В ближайшем от канцелярии бараке было пусто. У стены стояла грубо сколоченная длинная скамья. На полу валялись палки, на подоконнике маячил закопченный портняжный утюг, с одной из перекладин свисали концы веревки.
От удара о пол Канабиевский пришел в себя и попытался поднять голову. Акимов, нагнувшись, хотел что–то сказать, но услышал зловещий голос:
— Ты опять здесь? Ах, сука белогвардейская! Стрелять или вешать будешь?
— А вот сейчас увидишь, красный бандит, — Акимов притворно рассмеялся. — А ну, давайте, — обратился он к сантинелам.
Охранники подхватили Канабиевского и подтолкнули к центру барака. Акимов накинул веревку на заведенные за спину руки, затянул петлю и рванул ее за другой конец. Канабиевский застонал от боли.
— Ну, вот теперь будем говорить. Коммунист?
— Да, коммунист!
— Говори, кто в подпольном комитете?
— Души, сволочь!
— Скажешь, кто организовал подкопы? Вешать не буду. Подумай хорошо, господин капитан. Колонел Попович дал такое указание.
Сантинелы стояли рядом, без поясов, сложив руки на животе, готовые в любую минуту выполнить приказ старшего.
Акимов снова потянул за конец веревки. Раздался хруст. Руки пленного неестественно вздернулись выше плеч. Палач продолжал подтягивать веревку, пока носки ног истязаемого не отделились от пола.
— Говори, кто организовал подкопы? — допрашивал Акимов.
Лицо Канабиевского покрылось потом, вырвалось хрипящее дыхание. Тело его подняли еще выше.
— Говори!
— Кончайте скорей, мерзавцы! — выдавил из себя капитан.

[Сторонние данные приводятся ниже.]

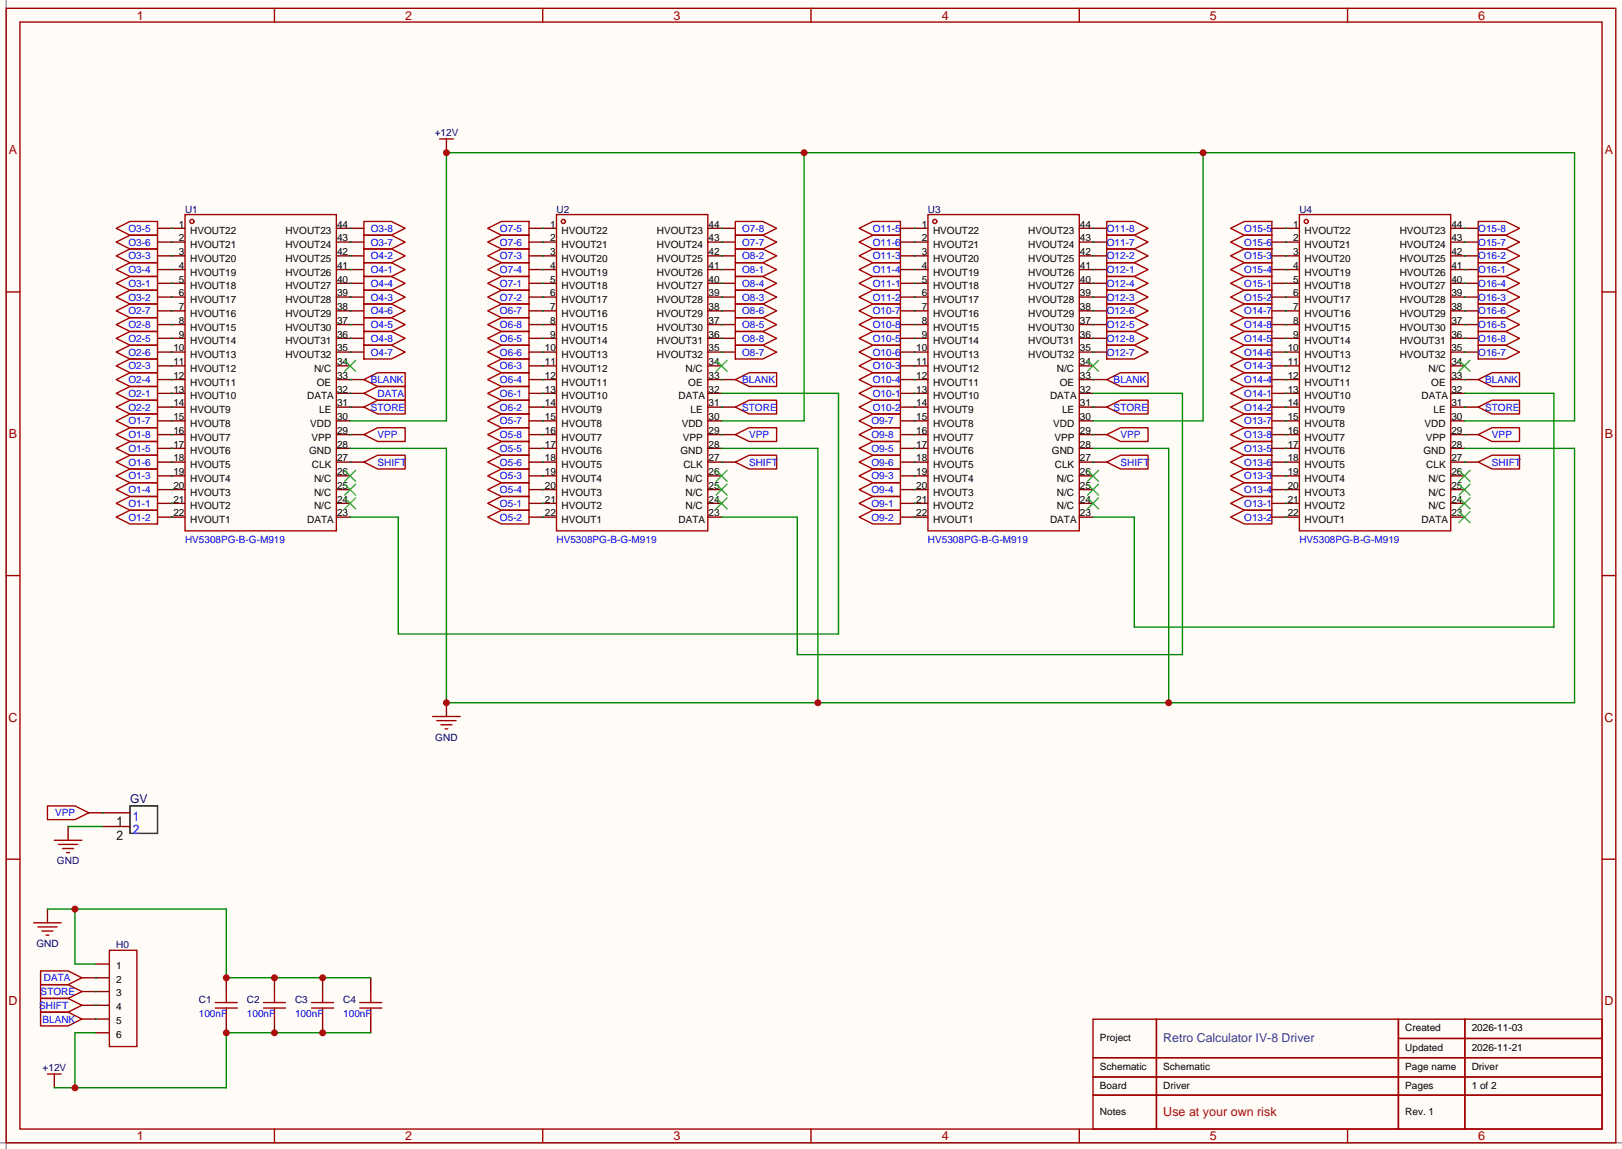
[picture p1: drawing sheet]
<svg xmlns="http://www.w3.org/2000/svg" width="299mm" height="212mm" viewBox="0 0 299 212" stroke-linecap="round" stroke-linejoin="round" font-family="sans-serif">
<path d="M0 0h299.5v212.2h-299.5z" fill="#fffcf7"/>
<path d="M1.1 0v212.2M0 211.1h299.5" fill="none" stroke="#999" stroke-width=".25"/>
<g fill="none" stroke="#a10000" stroke-width=".25">
<path d="M1.1 1.5h297.2v209.6h-297.2zM3.7 4.1h292.1v204.4h-292.1zM50.7 1.5v2.6M100.2 1.5v2.6M149.7 1.5v2.6M199.3 1.5v2.6M248.8 1.5v2.6M81.2 25.7h2.5M82.4 25.7v1.2M1.1 53.9h2.6M21.5 54.9l2.5-1.3h5.1v2.5h-5.1zM21.5 52.3l2.5-1.2h5.1v2.5h-5.1z"/>
<path d="M21.5 60l2.5-1.3h5.1v2.5h-5.1zM21.5 44.7l2.5-1.3h5.1v2.6h-5.1zM21.5 47.3l2.5-1.3h5.1v2.5h-5.1zM21.5 57.4l2.5-1.3h5.1v2.6h-5.1zM21.5 42.2l2.5-1.3h5.1v2.5h-5.1zM21.5 49.8l2.5-1.3h5.1v2.6h-5.1zM67.2 40.9h5.1l2.5 1.3-2.5 1.2h-5.1zM67.2 58.7h5.1l2.5 1.3-2.5 1.2h-5.1zM67.2 43.4h5.1l2.5 1.3-2.5 1.3h-5.1zM67.2 46h5.1l2.5 1.3-2.5 1.2h-5.1zM67.2 53.6h5.1l2.5 1.3-2.5 1.2h-5.1zM67.2 48.5h5.1l2.5 1.3-2.5 1.3h-5.1z"/>
<path d="M67.2 56.1h5.1l2.5 1.3-2.5 1.3h-5.1zM67.2 51.1h5.1l2.5 1.2-2.5 1.3h-5.1zM90 42.2l2.6-1.3h5.1v2.5h-5.1zM90 44.7l2.6-1.3h5.1v2.6h-5.1zM90 54.9l2.6-1.3h5.1v2.5h-5.1zM90 60l2.6-1.3h5.1v2.5h-5.1zM90 57.4l2.6-1.3h5.1v2.6h-5.1zM90 47.3l2.6-1.3h5.1v2.5h-5.1zM90 52.3l2.6-1.2h5.1v2.5h-5.1zM90 49.8l2.6-1.3h5.1v2.6h-5.1zM135.8 58.7h5l2.6 1.3-2.6 1.2h-5zM135.8 46h5l2.6 1.3-2.6 1.2h-5z"/>
<path d="M135.8 53.6h5l2.6 1.3-2.6 1.2h-5zM135.8 43.4h5l2.6 1.3-2.6 1.3h-5zM135.8 40.9h5l2.6 1.3-2.6 1.2h-5zM135.8 48.5h5l2.6 1.3-2.6 1.3h-5zM135.8 56.1h5l2.6 1.3-2.6 1.3h-5zM135.8 51.1h5l2.6 1.2-2.6 1.3h-5zM158.6 60l2.6-1.3h5v2.5h-5zM158.6 57.4l2.6-1.3h5v2.6h-5zM158.6 54.9l2.6-1.3h5v2.5h-5zM158.6 42.2l2.6-1.3h5v2.5h-5zM158.6 47.3l2.6-1.3h5v2.5h-5zM158.6 52.3l2.6-1.2h5v2.5h-5z"/>
<path d="M158.6 44.7l2.6-1.3h5v2.6h-5zM158.6 49.8l2.6-1.3h5v2.6h-5zM204.3 43.4h5.1l2.6 1.3-2.6 1.3h-5.1zM204.3 40.9h5.1l2.6 1.3-2.6 1.2h-5.1zM204.3 53.6h5.1l2.6 1.3-2.6 1.2h-5.1zM204.3 46h5.1l2.6 1.3-2.6 1.2h-5.1zM204.3 58.7h5.1l2.6 1.3-2.6 1.2h-5.1zM204.3 48.5h5.1l2.6 1.3-2.6 1.3h-5.1zM204.3 56.1h5.1l2.6 1.3-2.6 1.3h-5.1zM204.3 51.1h5.1l2.6 1.2-2.6 1.3h-5.1zM227.2 44.7l2.5-1.3h5.1v2.6h-5.1zM227.2 52.3l2.5-1.2h5.1v2.5h-5.1z"/>
<path d="M227.2 42.2l2.5-1.3h5.1v2.5h-5.1zM227.2 54.9l2.5-1.3h5.1v2.5h-5.1zM227.2 47.3l2.5-1.3h5.1v2.5h-5.1zM227.2 57.4l2.5-1.3h5.1v2.6h-5.1zM227.2 60l2.5-1.3h5.1v2.5h-5.1zM227.2 49.8l2.5-1.3h5.1v2.6h-5.1zM272.9 48.5h5.1l2.5 1.3-2.5 1.3h-5.1zM272.9 58.7h5.1l2.5 1.3-2.5 1.2h-5.1zM272.9 56.1h5.1l2.5 1.3-2.5 1.3h-5.1zM272.9 46h5.1l2.5 1.3-2.5 1.2h-5.1zM272.9 43.4h5.1l2.5 1.3-2.5 1.3h-5.1zM272.9 40.9h5.1l2.5 1.3-2.5 1.2h-5.1z"/>
<path d="M272.9 53.6h5.1l2.5 1.3-2.5 1.2h-5.1zM272.9 51.1h5.1l2.5 1.2-2.5 1.3h-5.1zM295.8 53.9h2.5M21.5 75.2l2.5-1.3h5.1v2.6h-5.1zM21.5 65l2.5-1.2h5.1v2.5h-5.1zM21.5 67.6l2.5-1.3h5.1v2.5h-5.1zM21.5 62.5l2.5-1.3h5.1v2.6h-5.1zM21.5 77.7l2.5-1.2h5.1v2.5h-5.1zM21.5 72.7l2.5-1.3h5.1v2.5h-5.1zM21.5 70.1l2.5-1.3h5.1v2.6h-5.1zM67.2 72.7l2.5-1.3h5.1v2.5h-5.1zM67.2 75.2l2.5-1.3h5.1v2.6h-5.1z"/>
<path d="M67.2 70.1l2.5-1.3h5.1v2.6h-5.1zM67.2 61.2h5.1l2.5 1.3-2.5 1.3h-5.1zM67.2 63.8h5.1l2.5 1.2-2.5 1.3h-5.1zM90 75.2l2.6-1.3h5.1v2.6h-5.1zM90 65l2.6-1.2h5.1v2.5h-5.1zM90 62.5l2.6-1.3h5.1v2.6h-5.1zM90 77.7l2.6-1.2h5.1v2.5h-5.1zM90 72.7l2.6-1.3h5.1v2.5h-5.1zM90 67.6l2.6-1.3h5.1v2.5h-5.1zM90 70.1l2.6-1.3h5.1v2.6h-5.1zM135.8 75.2l2.5-1.3h5.1v2.6h-5.1zM135.8 70.1l2.5-1.3h5.1v2.6h-5.1z"/>
<path d="M135.8 61.2h5l2.6 1.3-2.6 1.3h-5zM135.8 63.8h5l2.6 1.2-2.6 1.3h-5zM158.6 67.6l2.6-1.3h5v2.5h-5zM158.6 62.5l2.6-1.3h5v2.6h-5zM158.6 65l2.6-1.2h5v2.5h-5zM158.6 75.2l2.6-1.3h5v2.6h-5zM158.6 77.7l2.6-1.2h5v2.5h-5zM158.6 72.7l2.6-1.3h5v2.5h-5zM158.6 70.1l2.6-1.3h5v2.6h-5zM204.3 75.2l2.6-1.3h5.1v2.6h-5.1zM204.3 70.1l2.6-1.3h5.1v2.6h-5.1zM204.3 61.2h5.1l2.6 1.3-2.6 1.3h-5.1z"/>
<path d="M204.3 63.8h5.1l2.6 1.2-2.6 1.3h-5.1zM227.2 72.7l2.5-1.3h5.1v2.5h-5.1zM227.2 77.7l2.5-1.2h5.1v2.5h-5.1zM227.2 75.2l2.5-1.3h5.1v2.6h-5.1zM227.2 62.5l2.5-1.3h5.1v2.6h-5.1zM227.2 67.6l2.5-1.3h5.1v2.5h-5.1zM227.2 65l2.5-1.2h5.1v2.5h-5.1zM227.2 70.1l2.5-1.3h5.1v2.6h-5.1zM272.9 75.2l2.6-1.3h5v2.6h-5zM272.9 70.1l2.6-1.3h5v2.6h-5zM272.9 63.8h5.1l2.5 1.2-2.5 1.3h-5.1zM272.9 61.2h5.1l2.5 1.3-2.5 1.3h-5.1z"/>
<path d="M21.5 82.8l2.5-1.3h5.1v2.6h-5.1zM21.5 95.5l2.5-1.3h5.1v2.6h-5.1zM21.5 80.3l2.5-1.3h5.1v2.5h-5.1zM21.5 87.9l2.5-1.3h5.1v2.6h-5.1zM21.5 93l2.5-1.3h5.1v2.5h-5.1zM21.5 85.4l2.5-1.3h5.1v2.5h-5.1zM21.5 90.4l2.5-1.2h5.1v2.5h-5.1zM67.2 85.4l2.5-1.3h5.1v2.5h-5.1zM90 87.9l2.6-1.3h5.1v2.6h-5.1zM90 95.5l2.6-1.3h5.1v2.6h-5.1zM90 80.3l2.6-1.3h5.1v2.5h-5.1zM90 82.8l2.6-1.3h5.1v2.6h-5.1z"/>
<path d="M90 93l2.6-1.3h5.1v2.5h-5.1zM90 85.4l2.6-1.3h5.1v2.5h-5.1zM90 90.4l2.6-1.2h5.1v2.5h-5.1zM135.8 85.4l2.5-1.3h5.1v2.5h-5.1zM158.6 87.9l2.6-1.3h5v2.6h-5zM158.6 95.5l2.6-1.3h5v2.6h-5zM158.6 93l2.6-1.3h5v2.5h-5zM158.6 85.4l2.6-1.3h5v2.5h-5zM158.6 82.8l2.6-1.3h5v2.6h-5zM158.6 80.3l2.6-1.3h5v2.5h-5zM158.6 90.4l2.6-1.2h5v2.5h-5zM204.3 85.4l2.6-1.3h5.1v2.5h-5.1z"/>
<path d="M227.2 93l2.5-1.3h5.1v2.5h-5.1zM227.2 80.3l2.5-1.3h5.1v2.5h-5.1zM227.2 95.5l2.5-1.3h5.1v2.6h-5.1zM227.2 87.9l2.5-1.3h5.1v2.6h-5.1zM227.2 82.8l2.5-1.3h5.1v2.6h-5.1zM227.2 85.4l2.5-1.3h5.1v2.5h-5.1zM227.2 90.4l2.5-1.2h5.1v2.5h-5.1zM272.9 85.4l2.6-1.3h5v2.5h-5zM1.1 106.3h2.6M295.8 106.3h2.5M79.9 132.3h5.1M80.6 133.1h3.6"/>
<path d="M81.4 133.9h2M82.2 134.6h.5M1.1 158.7h2.6M10 155.2h5.1M10.8 156h3.6M11.6 156.7h2M12.3 157.5h.5M295.8 158.7h2.5M6.2 170.4h5.1M7 171.2h3.5M7.5 179.3h5.1l2.5 1.3-2.5 1.3h-5.1zM7.7 172h2.1"/>
<path d="M8.5 172.7h.5M20.2 175.5h5.1v17.8h-5.1zM7.5 181.9h5.1l2.5 1.2-2.5 1.3h-5.1zM7.5 184.4h5.1l2.5 1.3-2.5 1.3h-5.1zM7.5 187h5.1l2.5 1.2-2.5 1.3h-5.1zM8.8 198.4h2.5M10 198.4v1.3M39.8 186.2h4M39.8 185.2h4M41.8 183.1v2.1M41.8 186.2v2M48.6 186.2h4.1"/>
<path d="M48.6 185.2h4.1M50.7 183.1v2.1M50.7 186.2v2M57.5 186.2h4.1M57.5 185.2h4.1M59.6 183.1v2.1M59.6 186.2v2M66.4 186.2h4.1M66.4 185.2h4.1M68.5 183.1v2.1M68.5 186.2v2M201.8 188.3h94v20.2h-94z"/>
<path d="M201.8 195.4h94M201.8 198.9h94M213.5 188.3v20.2M258.2 188.3v20.2M258.2 191.8h37.6M270.4 188.3v20.2M50.7 208.5v2.6M100.2 208.5v2.6M149.7 208.5v2.6M199.3 208.5v2.6M201.8 202.3h94M248.8 208.5v2.6"/>
</g>
<g fill="none" stroke="#870000" stroke-width=".25">
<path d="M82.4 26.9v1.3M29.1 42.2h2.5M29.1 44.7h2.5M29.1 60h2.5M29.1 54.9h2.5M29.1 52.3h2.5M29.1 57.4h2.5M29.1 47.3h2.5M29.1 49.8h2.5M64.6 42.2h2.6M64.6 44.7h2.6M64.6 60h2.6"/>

Акимов, видимо, не понял, что сказал пленный, опустил веревку, и Канабиевский свалился на пол. В барак вошел Жоржеску.
— Что, говорит? — —обратился он к Акимову.
Сантинелы вытянулись по команде «смирно». Акимов доложил. Жоржеску обошел пленного, ткнул носком сапога в голову.
— Продолжать! — приказал он.
Канабиевского освободили от веревок, перенесли на скамью, поставленную среди барака, облили водой. Очнувшись, узник забился в ознобе.
— Мы сейчас тебя нагреем, — промямлил Акимов, взял утюг и выскочил из барака.
Сантинелы старательно привязывали жертву к скамейке. Канабиевский, увидев, что сантинелы расправляют мокрую веревку, подумал: «Пороть будут, гады…» Большое тело напружинилось. В плечах жгло, боль переходила на грудь и спину. Лицо пылало, на лбу блестели капельки пота. «Неужели руки выкручены? Ну да, фашисты так и делают: сначала изуродуют, а потом, если человек остается жив, расстреливают».